**Goal of the exercise**
Show all lines of the entries in which the word "Robot" is found.

**Dataset excerpts**
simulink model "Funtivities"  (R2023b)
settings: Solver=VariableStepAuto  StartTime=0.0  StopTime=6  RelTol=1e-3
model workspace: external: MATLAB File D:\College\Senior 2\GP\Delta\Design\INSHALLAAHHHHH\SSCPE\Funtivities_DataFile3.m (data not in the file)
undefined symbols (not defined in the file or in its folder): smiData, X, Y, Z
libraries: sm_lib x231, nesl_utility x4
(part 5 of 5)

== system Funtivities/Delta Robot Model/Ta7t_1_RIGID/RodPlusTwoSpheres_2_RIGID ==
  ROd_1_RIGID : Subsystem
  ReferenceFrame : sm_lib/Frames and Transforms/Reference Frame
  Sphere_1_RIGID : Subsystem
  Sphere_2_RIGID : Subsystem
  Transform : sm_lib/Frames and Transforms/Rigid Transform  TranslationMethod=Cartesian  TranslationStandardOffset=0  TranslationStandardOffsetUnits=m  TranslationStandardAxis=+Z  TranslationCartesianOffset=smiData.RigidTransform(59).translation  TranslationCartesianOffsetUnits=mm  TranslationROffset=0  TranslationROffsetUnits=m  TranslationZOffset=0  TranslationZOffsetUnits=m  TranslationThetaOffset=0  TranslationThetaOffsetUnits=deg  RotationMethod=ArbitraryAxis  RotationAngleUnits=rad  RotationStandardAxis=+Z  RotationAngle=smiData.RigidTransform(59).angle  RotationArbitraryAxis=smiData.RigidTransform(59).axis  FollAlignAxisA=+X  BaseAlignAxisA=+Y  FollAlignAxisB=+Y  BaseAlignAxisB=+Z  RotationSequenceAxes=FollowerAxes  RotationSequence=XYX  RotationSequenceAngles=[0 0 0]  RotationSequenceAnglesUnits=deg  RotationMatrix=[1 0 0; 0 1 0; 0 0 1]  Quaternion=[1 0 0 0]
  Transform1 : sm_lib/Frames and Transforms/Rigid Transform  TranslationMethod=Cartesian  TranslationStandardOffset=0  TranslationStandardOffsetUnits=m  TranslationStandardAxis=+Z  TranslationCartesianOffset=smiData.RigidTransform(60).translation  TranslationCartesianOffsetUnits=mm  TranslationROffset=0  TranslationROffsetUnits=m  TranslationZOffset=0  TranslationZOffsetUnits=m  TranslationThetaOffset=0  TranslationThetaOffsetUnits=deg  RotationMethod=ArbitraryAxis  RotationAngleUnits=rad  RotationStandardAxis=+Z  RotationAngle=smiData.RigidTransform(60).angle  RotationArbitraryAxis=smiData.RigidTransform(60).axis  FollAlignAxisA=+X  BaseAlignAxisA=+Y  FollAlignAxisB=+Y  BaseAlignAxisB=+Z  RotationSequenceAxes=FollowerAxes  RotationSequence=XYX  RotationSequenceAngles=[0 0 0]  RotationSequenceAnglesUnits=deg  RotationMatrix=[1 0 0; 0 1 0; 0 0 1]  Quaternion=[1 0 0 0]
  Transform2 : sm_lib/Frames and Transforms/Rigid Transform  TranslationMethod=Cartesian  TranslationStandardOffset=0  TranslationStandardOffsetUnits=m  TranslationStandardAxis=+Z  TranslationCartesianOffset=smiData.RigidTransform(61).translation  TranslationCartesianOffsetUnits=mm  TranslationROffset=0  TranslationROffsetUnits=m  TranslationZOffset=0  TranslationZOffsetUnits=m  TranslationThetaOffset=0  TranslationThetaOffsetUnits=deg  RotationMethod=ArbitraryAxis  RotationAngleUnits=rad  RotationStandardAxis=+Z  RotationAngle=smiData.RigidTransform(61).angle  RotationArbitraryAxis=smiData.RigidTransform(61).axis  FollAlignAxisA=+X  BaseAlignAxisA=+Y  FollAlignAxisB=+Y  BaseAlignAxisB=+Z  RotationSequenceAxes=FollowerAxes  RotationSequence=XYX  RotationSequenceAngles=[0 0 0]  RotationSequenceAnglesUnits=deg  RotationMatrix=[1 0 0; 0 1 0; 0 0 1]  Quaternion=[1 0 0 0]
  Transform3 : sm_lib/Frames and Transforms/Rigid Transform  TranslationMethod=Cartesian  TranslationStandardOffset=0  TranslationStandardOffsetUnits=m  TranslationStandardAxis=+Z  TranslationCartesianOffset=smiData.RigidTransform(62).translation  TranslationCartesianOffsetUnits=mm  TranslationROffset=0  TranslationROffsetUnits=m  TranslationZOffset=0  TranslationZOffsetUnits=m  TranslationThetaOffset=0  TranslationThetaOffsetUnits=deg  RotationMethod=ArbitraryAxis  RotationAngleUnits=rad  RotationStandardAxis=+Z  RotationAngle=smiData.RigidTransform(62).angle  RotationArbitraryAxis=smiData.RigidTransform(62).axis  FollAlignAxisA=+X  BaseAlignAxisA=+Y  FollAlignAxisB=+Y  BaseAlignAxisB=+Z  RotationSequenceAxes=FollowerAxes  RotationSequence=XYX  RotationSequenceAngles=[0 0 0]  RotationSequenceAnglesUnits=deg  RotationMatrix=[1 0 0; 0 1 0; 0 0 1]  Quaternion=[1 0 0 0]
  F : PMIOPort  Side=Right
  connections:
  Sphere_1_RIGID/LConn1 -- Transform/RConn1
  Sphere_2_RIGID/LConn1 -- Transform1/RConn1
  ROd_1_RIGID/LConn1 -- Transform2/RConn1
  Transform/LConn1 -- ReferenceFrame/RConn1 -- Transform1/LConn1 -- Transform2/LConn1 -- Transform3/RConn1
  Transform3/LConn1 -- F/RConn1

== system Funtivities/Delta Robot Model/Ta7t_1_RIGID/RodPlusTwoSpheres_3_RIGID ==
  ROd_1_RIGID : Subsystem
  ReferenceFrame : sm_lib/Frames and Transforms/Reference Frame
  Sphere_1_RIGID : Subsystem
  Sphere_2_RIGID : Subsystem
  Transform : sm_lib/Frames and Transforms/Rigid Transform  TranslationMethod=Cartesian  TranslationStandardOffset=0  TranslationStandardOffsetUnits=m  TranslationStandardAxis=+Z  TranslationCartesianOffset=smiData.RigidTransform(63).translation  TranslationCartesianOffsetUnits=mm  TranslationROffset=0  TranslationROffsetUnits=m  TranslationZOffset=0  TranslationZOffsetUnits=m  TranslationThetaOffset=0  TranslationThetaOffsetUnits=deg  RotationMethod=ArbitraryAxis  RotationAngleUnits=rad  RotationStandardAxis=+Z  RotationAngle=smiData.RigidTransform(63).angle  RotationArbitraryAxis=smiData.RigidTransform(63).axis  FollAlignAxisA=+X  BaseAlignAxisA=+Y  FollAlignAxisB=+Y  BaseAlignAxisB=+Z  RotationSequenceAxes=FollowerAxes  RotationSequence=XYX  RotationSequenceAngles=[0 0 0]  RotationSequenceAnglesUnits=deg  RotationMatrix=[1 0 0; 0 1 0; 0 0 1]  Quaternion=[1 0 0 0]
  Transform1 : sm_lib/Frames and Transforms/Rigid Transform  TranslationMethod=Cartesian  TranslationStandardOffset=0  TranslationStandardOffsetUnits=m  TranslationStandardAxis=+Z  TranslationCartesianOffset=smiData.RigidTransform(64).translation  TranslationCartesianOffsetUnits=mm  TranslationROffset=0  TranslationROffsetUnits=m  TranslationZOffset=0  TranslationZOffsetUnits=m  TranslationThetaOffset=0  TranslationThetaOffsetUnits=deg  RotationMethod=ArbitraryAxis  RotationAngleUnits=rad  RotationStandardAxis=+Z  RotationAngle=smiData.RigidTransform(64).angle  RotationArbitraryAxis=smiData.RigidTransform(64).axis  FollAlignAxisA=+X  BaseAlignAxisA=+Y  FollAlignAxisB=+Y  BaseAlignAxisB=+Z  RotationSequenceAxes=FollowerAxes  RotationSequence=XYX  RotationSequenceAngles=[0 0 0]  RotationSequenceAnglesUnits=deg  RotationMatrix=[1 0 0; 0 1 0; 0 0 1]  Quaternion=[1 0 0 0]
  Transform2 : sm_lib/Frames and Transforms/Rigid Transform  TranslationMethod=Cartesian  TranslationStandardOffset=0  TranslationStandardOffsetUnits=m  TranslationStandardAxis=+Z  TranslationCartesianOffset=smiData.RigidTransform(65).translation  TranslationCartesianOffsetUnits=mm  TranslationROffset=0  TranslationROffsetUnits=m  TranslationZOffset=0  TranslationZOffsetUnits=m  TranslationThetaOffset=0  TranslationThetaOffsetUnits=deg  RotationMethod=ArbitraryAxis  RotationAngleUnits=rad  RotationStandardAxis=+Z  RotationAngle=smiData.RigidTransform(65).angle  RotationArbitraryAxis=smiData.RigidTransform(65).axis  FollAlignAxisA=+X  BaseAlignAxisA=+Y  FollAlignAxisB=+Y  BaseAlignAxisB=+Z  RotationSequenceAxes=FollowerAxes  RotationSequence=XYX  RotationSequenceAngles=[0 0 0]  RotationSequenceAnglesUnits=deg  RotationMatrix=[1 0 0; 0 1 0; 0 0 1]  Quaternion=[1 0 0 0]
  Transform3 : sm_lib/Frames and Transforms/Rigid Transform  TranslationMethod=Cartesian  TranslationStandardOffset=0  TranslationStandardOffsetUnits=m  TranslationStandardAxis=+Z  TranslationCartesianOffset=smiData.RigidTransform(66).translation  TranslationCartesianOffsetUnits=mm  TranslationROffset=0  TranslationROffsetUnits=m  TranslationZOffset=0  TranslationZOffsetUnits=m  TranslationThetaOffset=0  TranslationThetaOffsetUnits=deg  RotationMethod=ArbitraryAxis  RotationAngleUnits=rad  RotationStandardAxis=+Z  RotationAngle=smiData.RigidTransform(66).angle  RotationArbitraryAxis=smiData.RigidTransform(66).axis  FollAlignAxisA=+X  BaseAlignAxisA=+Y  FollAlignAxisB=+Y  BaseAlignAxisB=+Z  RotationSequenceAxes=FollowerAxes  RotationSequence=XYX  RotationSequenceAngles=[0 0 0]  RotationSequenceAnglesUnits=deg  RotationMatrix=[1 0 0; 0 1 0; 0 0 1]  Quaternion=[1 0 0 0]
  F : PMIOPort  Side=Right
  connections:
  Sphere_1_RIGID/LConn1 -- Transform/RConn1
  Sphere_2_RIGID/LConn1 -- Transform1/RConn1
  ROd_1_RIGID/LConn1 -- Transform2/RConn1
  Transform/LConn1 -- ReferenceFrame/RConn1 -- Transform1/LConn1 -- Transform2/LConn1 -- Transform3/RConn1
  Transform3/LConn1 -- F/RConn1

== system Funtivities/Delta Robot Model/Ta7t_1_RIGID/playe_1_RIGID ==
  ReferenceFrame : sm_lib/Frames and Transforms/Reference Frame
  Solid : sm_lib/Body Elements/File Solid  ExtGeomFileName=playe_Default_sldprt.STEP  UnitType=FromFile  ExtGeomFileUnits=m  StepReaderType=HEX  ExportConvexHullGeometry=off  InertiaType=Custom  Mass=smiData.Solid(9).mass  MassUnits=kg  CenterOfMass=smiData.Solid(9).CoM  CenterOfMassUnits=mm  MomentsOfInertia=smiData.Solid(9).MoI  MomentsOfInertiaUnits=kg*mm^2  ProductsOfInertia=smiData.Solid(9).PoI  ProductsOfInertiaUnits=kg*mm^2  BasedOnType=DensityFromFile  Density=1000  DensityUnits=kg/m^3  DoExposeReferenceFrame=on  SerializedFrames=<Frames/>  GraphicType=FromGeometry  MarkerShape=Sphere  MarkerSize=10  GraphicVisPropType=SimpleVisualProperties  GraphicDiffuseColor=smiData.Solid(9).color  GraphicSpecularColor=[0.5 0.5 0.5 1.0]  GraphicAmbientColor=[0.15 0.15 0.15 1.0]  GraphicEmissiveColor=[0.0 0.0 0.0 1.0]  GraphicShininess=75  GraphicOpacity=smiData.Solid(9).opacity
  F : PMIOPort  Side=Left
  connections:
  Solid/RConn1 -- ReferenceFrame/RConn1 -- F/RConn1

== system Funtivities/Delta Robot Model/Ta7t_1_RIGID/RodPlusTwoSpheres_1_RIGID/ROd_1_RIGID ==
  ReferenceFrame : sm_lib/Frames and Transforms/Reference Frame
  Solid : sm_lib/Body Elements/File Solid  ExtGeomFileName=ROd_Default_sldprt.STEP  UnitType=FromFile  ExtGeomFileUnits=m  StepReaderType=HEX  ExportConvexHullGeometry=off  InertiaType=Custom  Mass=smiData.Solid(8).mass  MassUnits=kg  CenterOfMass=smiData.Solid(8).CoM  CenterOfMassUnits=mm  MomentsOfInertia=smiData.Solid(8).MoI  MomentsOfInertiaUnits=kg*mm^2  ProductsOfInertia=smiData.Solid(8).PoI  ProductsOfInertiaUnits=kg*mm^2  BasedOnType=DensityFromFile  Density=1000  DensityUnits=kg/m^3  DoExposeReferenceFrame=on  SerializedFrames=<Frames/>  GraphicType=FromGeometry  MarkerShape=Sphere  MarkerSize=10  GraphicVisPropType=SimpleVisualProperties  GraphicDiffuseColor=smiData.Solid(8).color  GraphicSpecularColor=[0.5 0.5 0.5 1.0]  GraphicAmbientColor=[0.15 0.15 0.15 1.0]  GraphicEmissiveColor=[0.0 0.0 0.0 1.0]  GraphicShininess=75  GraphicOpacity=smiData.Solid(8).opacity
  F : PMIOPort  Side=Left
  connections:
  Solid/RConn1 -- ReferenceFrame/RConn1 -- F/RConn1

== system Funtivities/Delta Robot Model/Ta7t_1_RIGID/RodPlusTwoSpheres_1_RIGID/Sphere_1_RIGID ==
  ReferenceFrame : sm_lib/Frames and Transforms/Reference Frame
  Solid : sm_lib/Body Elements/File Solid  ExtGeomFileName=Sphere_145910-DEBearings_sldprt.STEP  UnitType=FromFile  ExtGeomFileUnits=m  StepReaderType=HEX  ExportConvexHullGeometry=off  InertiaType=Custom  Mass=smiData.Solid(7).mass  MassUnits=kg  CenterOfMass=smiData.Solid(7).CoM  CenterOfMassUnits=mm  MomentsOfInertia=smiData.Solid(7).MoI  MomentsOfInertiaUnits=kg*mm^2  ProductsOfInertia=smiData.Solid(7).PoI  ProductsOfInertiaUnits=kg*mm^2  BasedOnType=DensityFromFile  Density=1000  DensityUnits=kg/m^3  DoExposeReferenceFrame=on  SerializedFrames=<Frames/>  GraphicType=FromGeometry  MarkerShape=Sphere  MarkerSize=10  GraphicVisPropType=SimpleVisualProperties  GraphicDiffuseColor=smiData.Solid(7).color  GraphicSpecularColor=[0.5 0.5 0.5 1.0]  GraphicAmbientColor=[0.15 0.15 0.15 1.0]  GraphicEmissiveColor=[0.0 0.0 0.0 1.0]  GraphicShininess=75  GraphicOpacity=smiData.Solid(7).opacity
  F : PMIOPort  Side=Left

**Solution below**
== system Funtivities/Delta Robot Model/Ta7t_1_RIGID/RodPlusTwoSpheres_2_RIGID ==
== system Funtivities/Delta Robot Model/Ta7t_1_RIGID/RodPlusTwoSpheres_3_RIGID ==
== system Funtivities/Delta Robot Model/Ta7t_1_RIGID/playe_1_RIGID ==
== system Funtivities/Delta Robot Model/Ta7t_1_RIGID/RodPlusTwoSpheres_1_RIGID/ROd_1_RIGID ==
== system Funtivities/Delta Robot Model/Ta7t_1_RIGID/RodPlusTwoSpheres_1_RIGID/Sphere_1_RIGID ==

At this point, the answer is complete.